Y a decir verdad, el compositor cubano Manuel Corona no se queda atrás en sus habilidad negociadora en la bolsa de valores del corazón, como lo demuestra en su bolero “Falsaria”:
“Conque te vendes, ¡eh! Noticia grata,
No por eso te odio ni te desprecio;
Aunque tengo poco oro y poca plata,
En materia de compras soy un necio;
Espero a que te pongas más barata,
Sé que algún día bajarás de precio”.
La pérdida cuando se acaba el amor.
Pero nada hay definitivo, y hasta el amor se acaba, según cantó José José. De modo que cuando empieza a languidecer, puede decirse que comienza el desamor. Esa erosión del sentimiento es el epítome del desamor, pues implica que alguna vez hubo amor de verdad, sin artificios, sin apuestas, sin pagos al portador. Quizá por ello es más triste su fin. Sin pretender afirmar con Sócrates, que “el amor más acalorado, tiene el fin más frío”, me inclino a pensar que los amores sanguíneos son más proclives al desamor, toda vez que requieren mantener el motor encendido en altas revoluciones para darle estabilidad al vuelo y no entrar en barrena.
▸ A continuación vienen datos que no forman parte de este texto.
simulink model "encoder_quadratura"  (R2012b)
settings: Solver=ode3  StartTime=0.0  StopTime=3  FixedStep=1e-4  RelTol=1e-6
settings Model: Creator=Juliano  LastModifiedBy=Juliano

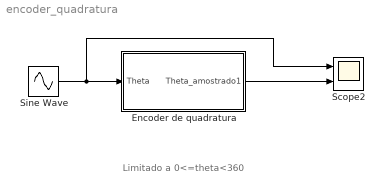
== system encoder_quadratura ==
  note: Limitado a 0<=theta<360
  Encoder de quadratura : Subsystem  mask{Nr=72}
      mask prompts: Nr "Número de pulsos por revolução"
  Scope2 : Scope  NumInputPorts=2
      settings: ShowLegends=on  YMin=150~0  YMax=575~375
  Sine Wave : Sin  Amplitude=360  SampleTime=0
  wires:
  Sine Wave/1 -> Scope2/1, Encoder de quadratura/1(Theta)
  Encoder de quadratura/1(Theta_amostrado1) -> Scope2/2

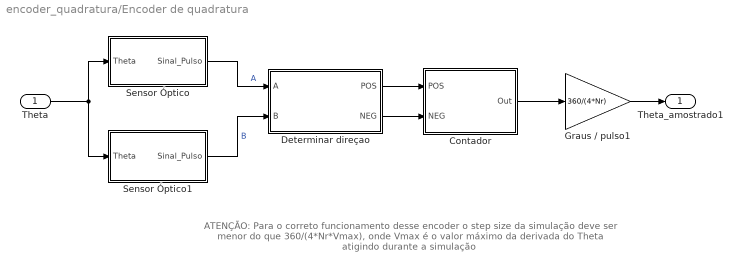
== system encoder_quadratura/Encoder de quadratura ==
  note: ATENÇÃO: Para o correto funcionamento desse encoder o step size da simulação deve ser menor do que 360/(4*Nr*Vmax),
      | onde Vmax é o valor máximo da derivada do Theta atigindo durante a simulação
  Theta : Inport
  Contador : Subsystem
  Determinar direçao : Subsystem
  Graus / pulso1 : Gain  Gain=360/(4*Nr)
  Sensor Óptico : Subsystem
  Sensor Óptico1 : Subsystem
  Theta_amostrado1 : Outport
  wires:
  Theta/1 -> Sensor Óptico1/1(Theta), Sensor Óptico/1(Theta)
  Sensor Óptico/1(Sinal_Pulso) -> Determinar direçao/1(A)  "A"
  Sensor Óptico1/1(Sinal_Pulso) -> Determinar direçao/2(B)  "B"
  Determinar direçao/1(POS) -> Contador/1(POS)
  Determinar direçao/2(NEG) -> Contador/2(NEG)
  Contador/1(Out) -> Graus / pulso1/1
  Graus / pulso1/1 -> Theta_amostrado1/1

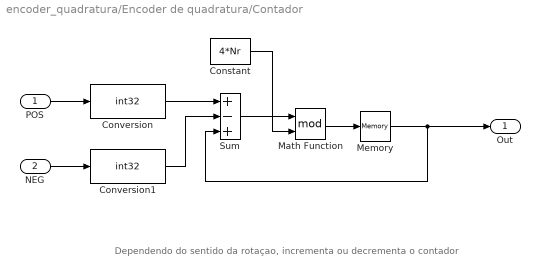
== system encoder_quadratura/Encoder de quadratura/Contador ==
  note: Dependendo do sentido da rotaçao, incrementa ou decrementa o contador
  POS : Inport
  NEG : Inport  Port=2
  Constant : Constant  Value=4*Nr
  Conversion : DataTypeConversion  OutDataTypeStr=int32
  Conversion1 : DataTypeConversion  OutDataTypeStr=int32
  Math Function : Math  Operator=mod  SaturateOnIntegerOverflow=on
  Memory : Memory
  Sum : Sum  Inputs=+-+
  Out : Outport
  wires:
  Sum/1 -> Math Function/1
  Memory/1 -> Out/1, Sum/3
  Math Function/1 -> Memory/1
  POS/1 -> Conversion/1
  Conversion/1 -> Sum/1
  Conversion1/1 -> Sum/2
  NEG/1 -> Conversion1/1
  Constant/1 -> Math Function/2

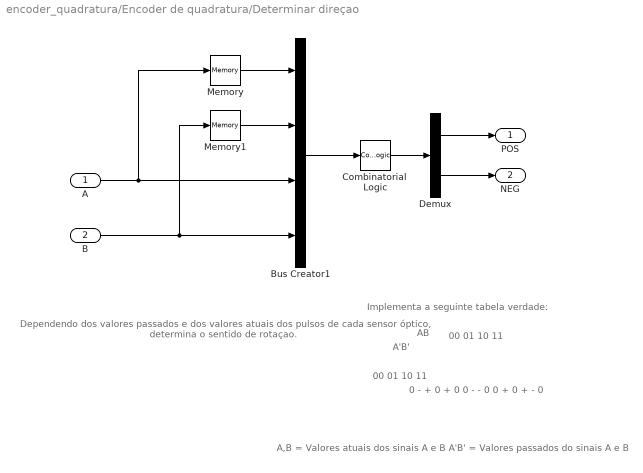
== system encoder_quadratura/Encoder de quadratura/Determinar direçao ==
  note: A,B = Valores atuais dos sinais A e B
      | A'B' = Valores passados do sinais A e B
  note: A'B'
  note: AB
  note: Implementa a seguinte tabela verdade:
  note: 0	-	+	0
      | +	0	0	-
      | -	0	0	+
      | 0	+	-	0
  note: 00 01 10 11
  note: 00
      | 01
      | 10
      | 11
  note: Dependendo dos valores passados e dos valores atuais
      | dos pulsos de cada sensor óptico, determina o sentido
      | de rotaçao.
  A : Inport
  B : Inport  Port=2
  Bus Creator1 : BusCreator
  Combinatorial  Logic : CombinatorialLogic  TruthTable=[ 0 0 ; 0 1 ; 1 0 ; 0 0 ; 1 0 ; 0 0 ; 0 0 ; 0 1 ; 0 1 ; 0 0 ; 0 0 ; 1 0 ; 0 0 ; 1 0 ; 0 1 ; 0 0]
  Demux : Demux  Outputs=2
  Memory : Memory
  Memory1 : Memory
  POS : Outport
  NEG : Outport  Port=2
  wires:
  Demux/1 -> POS/1
  A/1 -> Memory/1, Bus Creator1/3
  Demux/2 -> NEG/1
  Combinatorial  Logic/1 -> Demux/1
  Memory/1 -> Bus Creator1/1
  Bus Creator1/1 -> Combinatorial  Logic/1
  Memory1/1 -> Bus Creator1/2
  B/1 -> Memory1/1, Bus Creator1/4

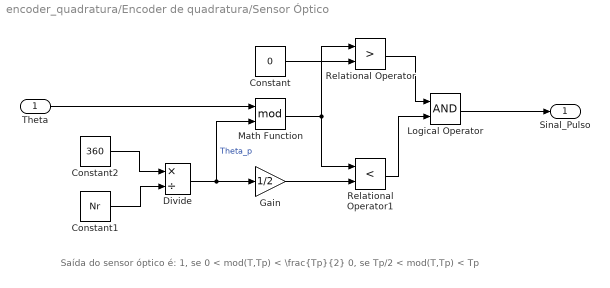
== system encoder_quadratura/Encoder de quadratura/Sensor Óptico ==
  note: Saída do sensor óptico é:
      | 1, se	0 < mod(T,Tp) < \frac{Tp}{2}
      |  0, se      Tp/2 < mod(T,Tp) < Tp
  Theta : Inport
  Constant : Constant  Value=0
  Constant1 : Constant  Value=Nr
  Constant2 : Constant  Value=360
  Divide : Product  Inputs=*/
  Gain : Gain  Gain=1/2
  Logical Operator : Logic  AllPortsSameDT=off  OutDataTypeStr=boolean
  Math Function : Math  Operator=mod  SaturateOnIntegerOverflow=on
  Relational Operator : RelationalOperator  Operator=>  OutDataTypeStr=boolean
  Relational Operator1 : RelationalOperator  Operator=<  OutDataTypeStr=boolean
  Sinal_Pulso : Outport
  wires:
  Math Function/1 -> Relational Operator1/1, Relational Operator/1
  Theta/1 -> Math Function/1
  Relational Operator/1 -> Logical Operator/1
  Relational Operator1/1 -> Logical Operator/2
  Constant/1 -> Relational Operator/2
  Divide/1 -> Math Function/2, Gain/1  "Theta_p"
  Gain/1 -> Relational Operator1/2
  Logical Operator/1 -> Sinal_Pulso/1
  Constant2/1 -> Divide/1
  Constant1/1 -> Divide/2

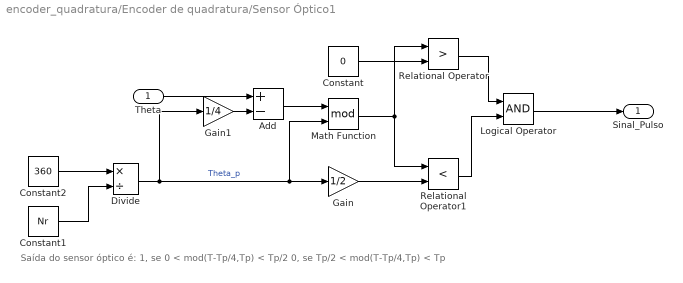
== system encoder_quadratura/Encoder de quadratura/Sensor Óptico1 ==
  note: Saída do sensor óptico é:
      | 1, se	0 < mod(T-Tp/4,Tp) < Tp/2
      |  0, se     Tp/2 < mod(T-Tp/4,Tp) < Tp
  Theta : Inport
  Add : Sum  Inputs=+-
  Constant : Constant  Value=0
  Constant1 : Constant  Value=Nr
  Constant2 : Constant  Value=360
  Divide : Product  Inputs=*/
  Gain : Gain  Gain=1/2
  Gain1 : Gain  Gain=1/4
  Logical Operator : Logic  AllPortsSameDT=off  OutDataTypeStr=boolean
  Math Function : Math  Operator=mod  SaturateOnIntegerOverflow=on
  Relational Operator : RelationalOperator  Operator=>  OutDataTypeStr=boolean
  Relational Operator1 : RelationalOperator  Operator=<  OutDataTypeStr=boolean
  Sinal_Pulso : Outport
  wires:
  Constant1/1 -> Divide/2
  Constant2/1 -> Divide/1
  Logical Operator/1 -> Sinal_Pulso/1
  Gain/1 -> Relational Operator1/2
  Divide/1 -> Gain1/1, Gain/1, Math Function/2  "Theta_p"
  Constant/1 -> Relational Operator/2
  Relational Operator1/1 -> Logical Operator/2
  Relational Operator/1 -> Logical Operator/1
  Math Function/1 -> Relational Operator/1, Relational Operator1/1
  Add/1 -> Math Function/1
  Theta/1 -> Add/1
  Gain1/1 -> Add/2

En cualquier caso, parece seguro que la mujer es más leal frente al desamor. Más valiente y directa al encararlo. En tal sentido, la compositora mexicana Consuelo Velázquez nos da una muestra de su franqueza:
“Perdona mi franqueza que tal vez juzgues descaro,
Yo sé que voy a herirte por decirte lo que siento.
Espero que comprendas que es mejor que hablemos claro,
Debemos separarnos porque amor ya no te tengo”.
Tengo la impresión de que el hombre asume una posición más nihilista frente al desamor, lo acepta como un destino inexorable. Suele afirmarse que somos más fuertes que las mujeres para aceptar el fracaso amoroso. Ciertamente no. Y así lo suelta al desgaire el compositor cubano Orlando de la Rosa. Sin embargo, en la voz del cartagenero Bob Toledo, cuya vida fue tormentosa y con trágico final, el bolero adquiere tintes dramáticos:
“No vale la pena,
Sufrir en la vida si todo se acaba,
Si todo se va; tanto sufrimiento,
Tantas decepciones,
No vale la pena tanto padecer. (…)
Después que toda mi esperanza la cifré en tu amor”.
Total, “si me hubieras querido, ya me hubiera olvidado, de tu querer”. No lo digo yo, lo dijo Ricardo García Perdomo, otro gran compositor cubano, como corresponde. Y eso es todo lo que tenía que decir acerca del desamor.